The Passing Parade: Cheap Shots from a Drive By Mind

"...difficile est saturam non scribere. Nam quis iniquae tam patiens urbis, tam ferreus, ut teneat se..." "...it is hard not to write Satire. For who is so tolerant of the unjust City, so steeled, that he can restrain himself... Juvenal, The Satires (1.30-32) akakyakakyevich@gmail.com

Tuesday, March 16, 2004

AND NOW FOR SOMETHING VAGUELY DIFFERENT: Federal guidelines regarding the use of ethanol in gasoline have gone into effect here in the US; from now on 10% of any gasoline purchase is ethanol. Now I want to help the American family farmer as much as the next guy, maybe more so, in fact, since I am all for giving people who want to get up at five in the morning to do chores and scoop up cow flop the opportunity to do just that. But let's face a certain degree of reality here; ethanol in gasoline is and was a priority of American agribusiness. These multinationals lobbied the farm state Congressional delegations mercilessly to get this thing passed into law. Having created the demand, of course, the merchants of grain will have to feed the American people's insatiable desire for ethanol. How long can it be before the United States becomes permanently dependent on supplies of foreign grain to meet the public's need for ethanol? And how long will it be before antiwar activists flood our nation's capital demanding NO BLOOD FOR CORN! as the Pentagon and the neocon aggressors plot to seize the grainlands of Australia, Argentina, and Russia?
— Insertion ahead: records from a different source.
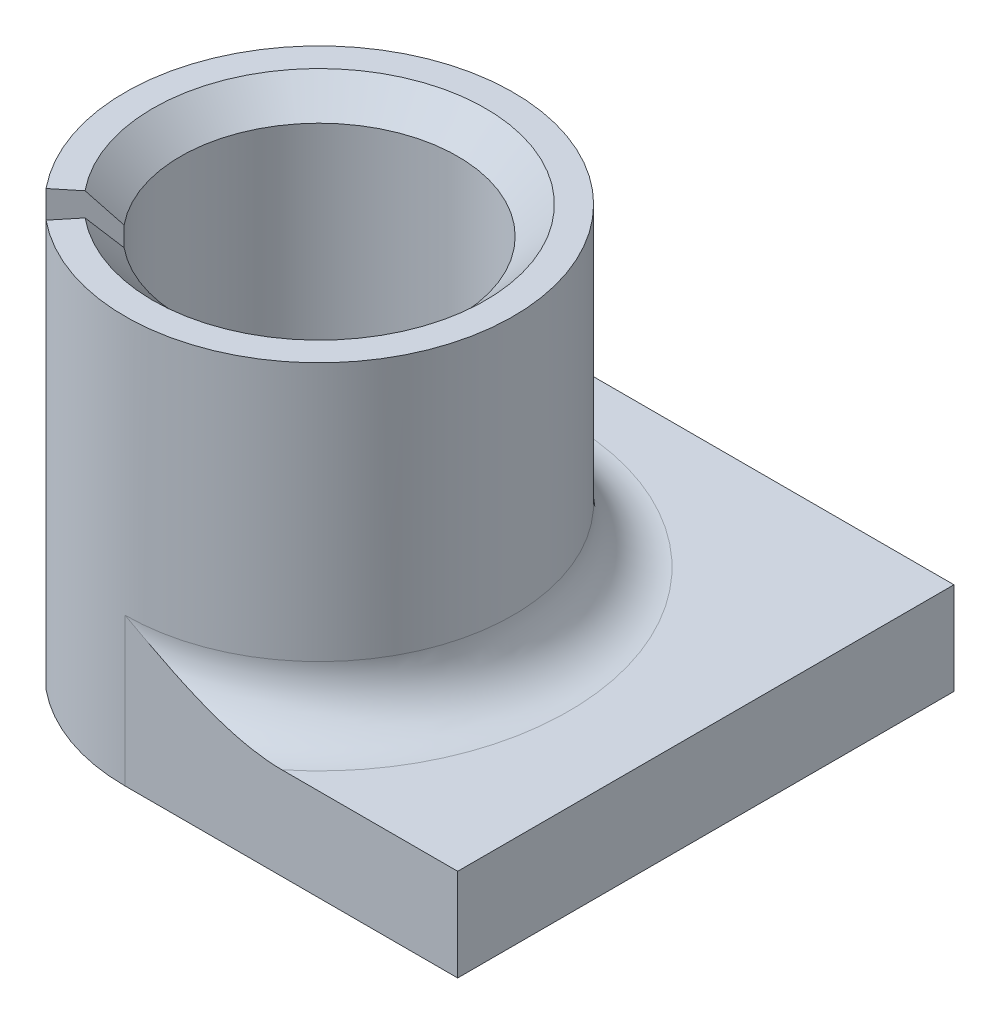
ISO-10303-21;
HEADER;
FILE_DESCRIPTION(('STEP AP214'),'2;1');
FILE_NAME('part.step','',(''),(''),'','','');
FILE_SCHEMA(('AUTOMOTIVE_DESIGN { 1 0 10303 214 1 1 1 1 }'));
ENDSEC;
DATA;
#1=APPLICATION_CONTEXT('core data for automotive mechanical design processes');
#2=APPLICATION_PROTOCOL_DEFINITION('international standard','automotive_design',2000,#1);
#3=PRODUCT_CONTEXT('',#1,'mechanical');
#4=PRODUCT('Part','Part','',(#3));
#5=PRODUCT_RELATED_PRODUCT_CATEGORY('part','',(#4));
#6=PRODUCT_DEFINITION_FORMATION('','',#4);
#7=PRODUCT_DEFINITION_CONTEXT('part definition',#1,'design');
#8=PRODUCT_DEFINITION('design','',#6,#7);
#9=PRODUCT_DEFINITION_SHAPE('','',#8);
#10=(LENGTH_UNIT() NAMED_UNIT(*) SI_UNIT(.MILLI.,.METRE.));
#11=(NAMED_UNIT(*) PLANE_ANGLE_UNIT() SI_UNIT($,.RADIAN.));
#12=(NAMED_UNIT(*) SI_UNIT($,.STERADIAN.) SOLID_ANGLE_UNIT());
#13=UNCERTAINTY_MEASURE_WITH_UNIT(LENGTH_MEASURE(1.E-05),#10,'distance_accuracy_value','');
#14=(GEOMETRIC_REPRESENTATION_CONTEXT(3) GLOBAL_UNCERTAINTY_ASSIGNED_CONTEXT((#13)) GLOBAL_UNIT_ASSIGNED_CONTEXT((#10,
#11,#12)) REPRESENTATION_CONTEXT('',''));
#15=CARTESIAN_POINT('',(0.,0.,0.));
#16=DIRECTION('',(0.,0.,1.));
#17=DIRECTION('',(1.,0.,0.));
#18=AXIS2_PLACEMENT_3D('',#15,#16,#17);
#19=CARTESIAN_POINT('',(0.,-65.,0.));
#20=DIRECTION('',(0.,-1.,0.));
#21=DIRECTION('',(0.,0.,-1.));
#22=AXIS2_PLACEMENT_3D('',#19,#20,#21);
#23=PLANE('',#22);
#24=DIRECTION('',(0.,0.,1.));
#25=VECTOR('',#24,1.);
#26=CARTESIAN_POINT('',(-75.0061870314862,-65.,33.1511391972535));
#27=LINE('',#26,#25);
#28=CARTESIAN_POINT('',(-75.0061870314862,-65.,33.1511391972535));
#29=VERTEX_POINT('',#28);
#30=CARTESIAN_POINT('',(-75.0061870314862,-65.,60.));
#31=VERTEX_POINT('',#30);
#32=EDGE_CURVE('E130',#29,#31,#27,.T.);
#33=ORIENTED_EDGE('',*,*,#32,.T.);
#34=DIRECTION('',(1.,0.,0.));
#35=VECTOR('',#34,1.);
#36=CARTESIAN_POINT('',(-103.5,-65.,60.));
#37=LINE('',#36,#35);
#38=CARTESIAN_POINT('',(-93.,-65.,60.));
#39=VERTEX_POINT('',#38);
#40=EDGE_CURVE('E183',#39,#31,#37,.T.);
#41=ORIENTED_EDGE('',*,*,#40,.F.);
#42=CARTESIAN_POINT('',(-93.,-65.,49.5));
#43=DIRECTION('',(0.,-1.,0.));
#44=DIRECTION('',(0.,0.,-1.));
#45=AXIS2_PLACEMENT_3D('',#42,#43,#44);
#46=CIRCLE('',#45,10.5);
#47=CARTESIAN_POINT('',(-99.644942701476,-65.,57.6298669419678));
#48=VERTEX_POINT('',#47);
#49=EDGE_CURVE('E178',#39,#48,#46,.T.);
#50=ORIENTED_EDGE('',*,*,#49,.T.);
#51=DIRECTION('',(-0.632851685854857,0.,0.774273042092171));
#52=VECTOR('',#51,1.);
#53=CARTESIAN_POINT('',(-97.7463876439114,-65.,55.3070478156913));
#54=LINE('',#53,#52);
#55=CARTESIAN_POINT('',(-97.7463876439114,-65.,55.3070478156913));
#56=VERTEX_POINT('',#55);
#57=EDGE_CURVE('E150',#56,#48,#54,.T.);
#58=ORIENTED_EDGE('',*,*,#57,.F.);
#59=CARTESIAN_POINT('',(-93.,-65.,49.5));
#60=DIRECTION('',(0.,1.,0.));
#61=DIRECTION('',(0.,0.,-1.));
#62=AXIS2_PLACEMENT_3D('',#59,#60,#61);
#63=CIRCLE('',#62,7.50000000000001);
#64=CARTESIAN_POINT('',(-98.8070478156912,-65.,54.2463876439115));
#65=VERTEX_POINT('',#64);
#66=EDGE_CURVE('E170',#56,#65,#63,.T.);
#67=ORIENTED_EDGE('',*,*,#66,.T.);
#68=DIRECTION('',(0.774273042092169,0.,-0.63285168585486));
#69=VECTOR('',#68,1.);
#70=CARTESIAN_POINT('',(-98.8070478156912,-65.,54.2463876439115));
#71=LINE('',#70,#69);
#72=CARTESIAN_POINT('',(-101.129866941968,-65.,56.144942701476));
#73=VERTEX_POINT('',#72);
#74=EDGE_CURVE('E148',#73,#65,#71,.T.);
#75=ORIENTED_EDGE('',*,*,#74,.F.);
#76=CARTESIAN_POINT('',(-103.5,-65.,49.5));
#77=VERTEX_POINT('',#76);
#78=EDGE_CURVE('E176',#73,#77,#46,.T.);
#79=ORIENTED_EDGE('',*,*,#78,.T.);
#80=DIRECTION('',(0.,0.,-1.));
#81=VECTOR('',#80,1.);
#82=CARTESIAN_POINT('',(-103.5,-65.,60.));
#83=LINE('',#82,#81);
#84=CARTESIAN_POINT('',(-103.5,-65.,33.1511391972535));
#85=VERTEX_POINT('',#84);
#86=EDGE_CURVE('E141',#77,#85,#83,.T.);
#87=ORIENTED_EDGE('',*,*,#86,.T.);
#88=DIRECTION('',(1.,0.,0.));
#89=VECTOR('',#88,1.);
#90=CARTESIAN_POINT('',(-122.948337471988,-65.,33.1511391972535));
#91=LINE('',#90,#89);
#92=EDGE_CURVE('E57',#85,#29,#91,.T.);
#93=ORIENTED_EDGE('',*,*,#92,.T.);
#94=EDGE_LOOP('',(#33,#41,#50,#58,#67,#75,#79,#87,#93));
#95=FACE_BOUND('',#94,.T.);
#96=ADVANCED_FACE('F41',(#95),#23,.T.);
#97=CARTESIAN_POINT('',(-93.,-65.,49.5));
#98=DIRECTION('',(0.,1.,0.));
#99=DIRECTION('',(0.,0.,1.));
#100=AXIS2_PLACEMENT_3D('',#97,#98,#99);
#101=CYLINDRICAL_SURFACE('',#100,7.50000000000001);
#102=DIRECTION('',(0.,1.,0.));
#103=VECTOR('',#102,1.);
#104=CARTESIAN_POINT('',(-97.7463876439114,-65.,55.3070478156913));
#105=LINE('',#104,#103);
#106=CARTESIAN_POINT('',(-97.7463876439114,-44.5,55.3070478156913));
#107=VERTEX_POINT('',#106);
#108=EDGE_CURVE('E156',#56,#107,#105,.T.);
#109=ORIENTED_EDGE('',*,*,#108,.T.);
#110=CARTESIAN_POINT('',(-93.,-44.5,49.5));
#111=DIRECTION('',(0.,-1.,0.));
#112=DIRECTION('',(0.,0.,-1.));
#113=AXIS2_PLACEMENT_3D('',#110,#111,#112);
#114=CIRCLE('',#113,7.50000000000001);
#115=CARTESIAN_POINT('',(-98.8070478156912,-44.5,54.2463876439115));
#116=VERTEX_POINT('',#115);
#117=EDGE_CURVE('E256',#107,#116,#114,.F.);
#118=ORIENTED_EDGE('',*,*,#117,.T.);
#119=DIRECTION('',(0.,1.,0.));
#120=VECTOR('',#119,1.);
#121=CARTESIAN_POINT('',(-98.8070478156912,-65.,54.2463876439115));
#122=LINE('',#121,#120);
#123=EDGE_CURVE('E153',#65,#116,#122,.T.);
#124=ORIENTED_EDGE('',*,*,#123,.F.);
#125=ORIENTED_EDGE('',*,*,#66,.F.);
#126=EDGE_LOOP('',(#109,#118,#124,#125));
#127=FACE_BOUND('',#126,.T.);
#128=ADVANCED_FACE('F227',(#127),#101,.F.);
#129=CARTESIAN_POINT('',(-93.,-65.,49.5));
#130=DIRECTION('',(0.,1.,0.));
#131=DIRECTION('',(0.,0.,1.));
#132=AXIS2_PLACEMENT_3D('',#129,#130,#131);
#133=CYLINDRICAL_SURFACE('',#132,10.5);
#134=CARTESIAN_POINT('',(-93.,-57.,49.5));
#135=DIRECTION('',(0.,-1.,0.));
#136=DIRECTION('',(0.,0.,-1.));
#137=AXIS2_PLACEMENT_3D('',#134,#135,#136);
#138=CIRCLE('',#137,10.5);
#139=CARTESIAN_POINT('',(-93.,-57.,60.));
#140=VERTEX_POINT('',#139);
#141=CARTESIAN_POINT('',(-103.5,-57.,49.5));
#142=VERTEX_POINT('',#141);
#143=EDGE_CURVE('E192',#140,#142,#138,.F.);
#144=ORIENTED_EDGE('',*,*,#143,.T.);
#145=DIRECTION('',(0.,1.,0.));
#146=VECTOR('',#145,1.);
#147=CARTESIAN_POINT('',(-103.5,-65.,49.5));
#148=LINE('',#147,#146);
#149=EDGE_CURVE('E174',#77,#142,#148,.T.);
#150=ORIENTED_EDGE('',*,*,#149,.F.);
#151=ORIENTED_EDGE('',*,*,#78,.F.);
#152=DIRECTION('',(0.,1.,0.));
#153=VECTOR('',#152,1.);
#154=CARTESIAN_POINT('',(-101.129866941968,-65.,56.144942701476));
#155=LINE('',#154,#153);
#156=CARTESIAN_POINT('',(-101.129866941968,-43.,56.144942701476));
#157=VERTEX_POINT('',#156);
#158=EDGE_CURVE('E163',#73,#157,#155,.T.);
#159=ORIENTED_EDGE('',*,*,#158,.T.);
#160=CARTESIAN_POINT('',(-93.,-43.,49.5));
#161=DIRECTION('',(0.,1.,0.));
#162=DIRECTION('',(0.,0.,-1.));
#163=AXIS2_PLACEMENT_3D('',#160,#161,#162);
#164=CIRCLE('',#163,10.5);
#165=CARTESIAN_POINT('',(-99.644942701476,-43.,57.6298669419678));
#166=VERTEX_POINT('',#165);
#167=EDGE_CURVE('E159',#166,#157,#164,.T.);
#168=ORIENTED_EDGE('',*,*,#167,.F.);
#169=DIRECTION('',(0.,1.,0.));
#170=VECTOR('',#169,1.);
#171=CARTESIAN_POINT('',(-99.644942701476,-65.,57.6298669419678));
#172=LINE('',#171,#170);
#173=EDGE_CURVE('E160',#48,#166,#172,.T.);
#174=ORIENTED_EDGE('',*,*,#173,.F.);
#175=ORIENTED_EDGE('',*,*,#49,.F.);
#176=DIRECTION('',(0.,1.,0.));
#177=VECTOR('',#176,1.);
#178=CARTESIAN_POINT('',(-93.,-65.,60.));
#179=LINE('',#178,#177);
#180=EDGE_CURVE('E173',#39,#140,#179,.T.);
#181=ORIENTED_EDGE('',*,*,#180,.T.);
#182=EDGE_LOOP('',(#144,#150,#151,#159,#168,#174,#175,#181));
#183=FACE_BOUND('',#182,.T.);
#184=ADVANCED_FACE('F232',(#183),#133,.T.);
#185=CARTESIAN_POINT('',(-93.,-43.,49.5));
#186=DIRECTION('',(0.,-1.,0.));
#187=DIRECTION('',(0.,0.,-1.));
#188=AXIS2_PLACEMENT_3D('',#185,#186,#187);
#189=PLANE('',#188);
#190=DIRECTION('',(0.774273042092169,0.,-0.63285168585486));
#191=VECTOR('',#190,1.);
#192=CARTESIAN_POINT('',(-98.8070478156912,-43.,54.2463876439115));
#193=LINE('',#192,#191);
#194=CARTESIAN_POINT('',(-99.9684573788295,-43.,55.1956651726938));
#195=VERTEX_POINT('',#194);
#196=EDGE_CURVE('E147',#157,#195,#193,.T.);
#197=ORIENTED_EDGE('',*,*,#196,.T.);
#198=CARTESIAN_POINT('',(-93.,-43.,49.5));
#199=DIRECTION('',(0.,-1.,0.));
#200=DIRECTION('',(0.,0.,-1.));
#201=AXIS2_PLACEMENT_3D('',#198,#199,#200);
#202=CIRCLE('',#201,9.00000000000003);
#203=CARTESIAN_POINT('',(-98.6956651726937,-43.,56.4684573788296));
#204=VERTEX_POINT('',#203);
#205=EDGE_CURVE('E65',#195,#204,#202,.T.);
#206=ORIENTED_EDGE('',*,*,#205,.T.);
#207=DIRECTION('',(-0.632851685854857,0.,0.774273042092171));
#208=VECTOR('',#207,1.);
#209=CARTESIAN_POINT('',(-97.7463876439114,-43.,55.3070478156913));
#210=LINE('',#209,#208);
#211=EDGE_CURVE('E151',#204,#166,#210,.T.);
#212=ORIENTED_EDGE('',*,*,#211,.T.);
#213=ORIENTED_EDGE('',*,*,#167,.T.);
#214=EDGE_LOOP('',(#197,#206,#212,#213));
#215=FACE_BOUND('',#214,.T.);
#216=ADVANCED_FACE('F240',(#215),#189,.F.);
#217=CARTESIAN_POINT('',(0.,-60.,0.));
#218=DIRECTION('',(0.,-1.,0.));
#219=DIRECTION('',(0.,0.,-1.));
#220=AXIS2_PLACEMENT_3D('',#217,#218,#219);
#221=PLANE('',#220);
#222=DIRECTION('',(1.,0.,0.));
#223=VECTOR('',#222,1.);
#224=CARTESIAN_POINT('',(-103.5,-60.,60.));
#225=LINE('',#224,#223);
#226=CARTESIAN_POINT('',(-84.5147186257614,-60.,60.));
#227=VERTEX_POINT('',#226);
#228=CARTESIAN_POINT('',(-75.0061870314862,-60.,60.));
#229=VERTEX_POINT('',#228);
#230=EDGE_CURVE('E184',#227,#229,#225,.T.);
#231=ORIENTED_EDGE('',*,*,#230,.T.);
#232=DIRECTION('',(0.,0.,-1.));
#233=VECTOR('',#232,1.);
#234=CARTESIAN_POINT('',(-75.0061870314862,-60.,0.));
#235=LINE('',#234,#233);
#236=CARTESIAN_POINT('',(-75.0061870314862,-60.,33.1511391972535));
#237=VERTEX_POINT('',#236);
#238=EDGE_CURVE('E145',#229,#237,#235,.T.);
#239=ORIENTED_EDGE('',*,*,#238,.T.);
#240=DIRECTION('',(-1.,0.,0.));
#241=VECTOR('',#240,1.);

Indeed, one can imagine hordes of literature professors expounding on how William Faulkner's Sanctuary, where in a impotent bootlegger named Popeye rapes a woman with a corncob is a grimly prophetical allegory of America's insatiable need for ethanol and what Amerikkkan agribusinesses will do to secure fresh corn producing land. One may even safely envision the women's movement denouncing the nation's dependence on such an obvious phallic symbol with their customary vigor and demanding that ethanol producers stop using corn to make their product and instead use such nonphallocentric plants as wheat or loganberries. I fully expect that corn chowder, corndogs, and cream of corn soup will be dropped from faculty menus all over the academy in order to avoid offending the sensibilities of campus feminists. However, amongst all the questions that have been asked about ethanol the two that are the most important to my mind have been ignored. First, why does my car get such lousy mileage using ethanolized gasoline, and second, given that 10% of my gas is now alcohol, does this mean my car is driving under the influence?